CLAREMONT, Calif. — A college student from Claremont is back home after spending a week in Scotland for the U.N. global climate change conference.
Pomona College senior GiGi Buddie promoted artwork at the 2021 United Nations Climate Change Conference, also known as COP26.
Buddie is a former intern at the Human Impacts Institute in New York and was part of a group art project that amplified the voices of indigenous people who are leading efforts to stop climate change.
“Indigenous voices are so important to these conversations because indigenous people have been caretakers of this Earth for millennium,” Buddie said. “They are the ones who know the Earth. They know how she breathes, how she cries, how she lives.”
Buddie is also indigenous and of Tongva and Mescalero heritage. She was proud to see the art on display for dozens of world leaders to pay attention to and hopefully, make better decisions about a planet she will inherit.
“Our world leaders, our old world leaders are going to die before they really see a lot of this policy really make a change,” Buddie said. “So who is going to see it? We are. We’re going to see it.”
A 2019 survey conducted by the Kaiser Family Foundation and The Washington Post found most teens and young adults feel afraid of climate change.
One in four teens say they have taken action to combat the climate crisis.
Oak Park High School senior Siena Reale is one of those teens. She joined a wildfire prevention club after the Woosley fire torched her community three years ago. Now, she and other club members collect acorns to be replanted and grow into new trees.
“It feels like we’re actually taking action to better our community instead of passively waiting for the fires to control our lives,” Reale said. “We are taking control and we are trying to restore the nature that has been lost.”
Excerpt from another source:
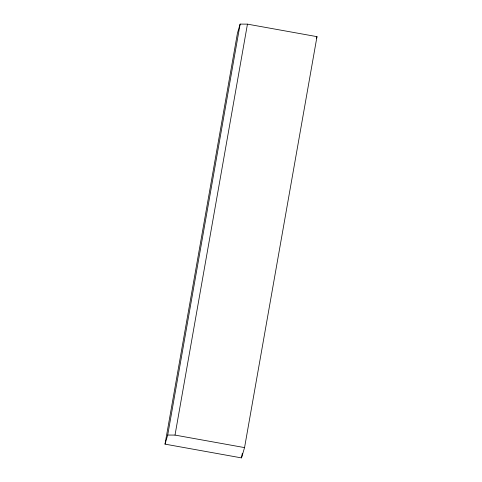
<?xml version="1.0" encoding="UTF-8"?>
<svg xmlns="http://www.w3.org/2000/svg" width="482" height="482" viewBox="0 0 482 482"><rect width="100%" height="100%" fill="white"/><g stroke="black" fill="none" stroke-linecap="round" stroke-linejoin="round"><path stroke-width="0.72" d="M165.013 444.133L237.445 33.186L240.132 24.1L247.447 24.142L316.987 36.656L244.555 447.603L241.506 457.9L165.013 444.133L167.706 435.047L240.132 24.1M167.706 435.047L175.014 435.089L247.447 24.142M241.506 457.9L242.289 453.46M316.379 38.717L316.987 36.656M175.014 435.089L244.555 447.603"/></g></svg>

The loss is personal. Reale lost her home to the wildfire and her family moved six times until it was rebuilt. The experience pushed her to get active physically and politically. She joined the Sunrise Movement for youth to speak out about climate change.
“We’ve left it up to the older generations to fix their mistakes and they haven’t proven successful,” Reale said. “Now is the time that we need to take charge because the next few years are so crucial in determining what our planet is going to look like and we know this is the time to demand action.”
Buddie heard that message echoed all the way to Glasgow. She saw seven and eight-year-olds rallying and calling out for change.
“I really do walk away from the United Nations Climate Change Conference with hope and that is only because of our youth,” Buddie said. “That has nothing to do with our world leaders. I don’t want to say I have no hope for what they can do but diminishing light for what they can do. It is our youth.”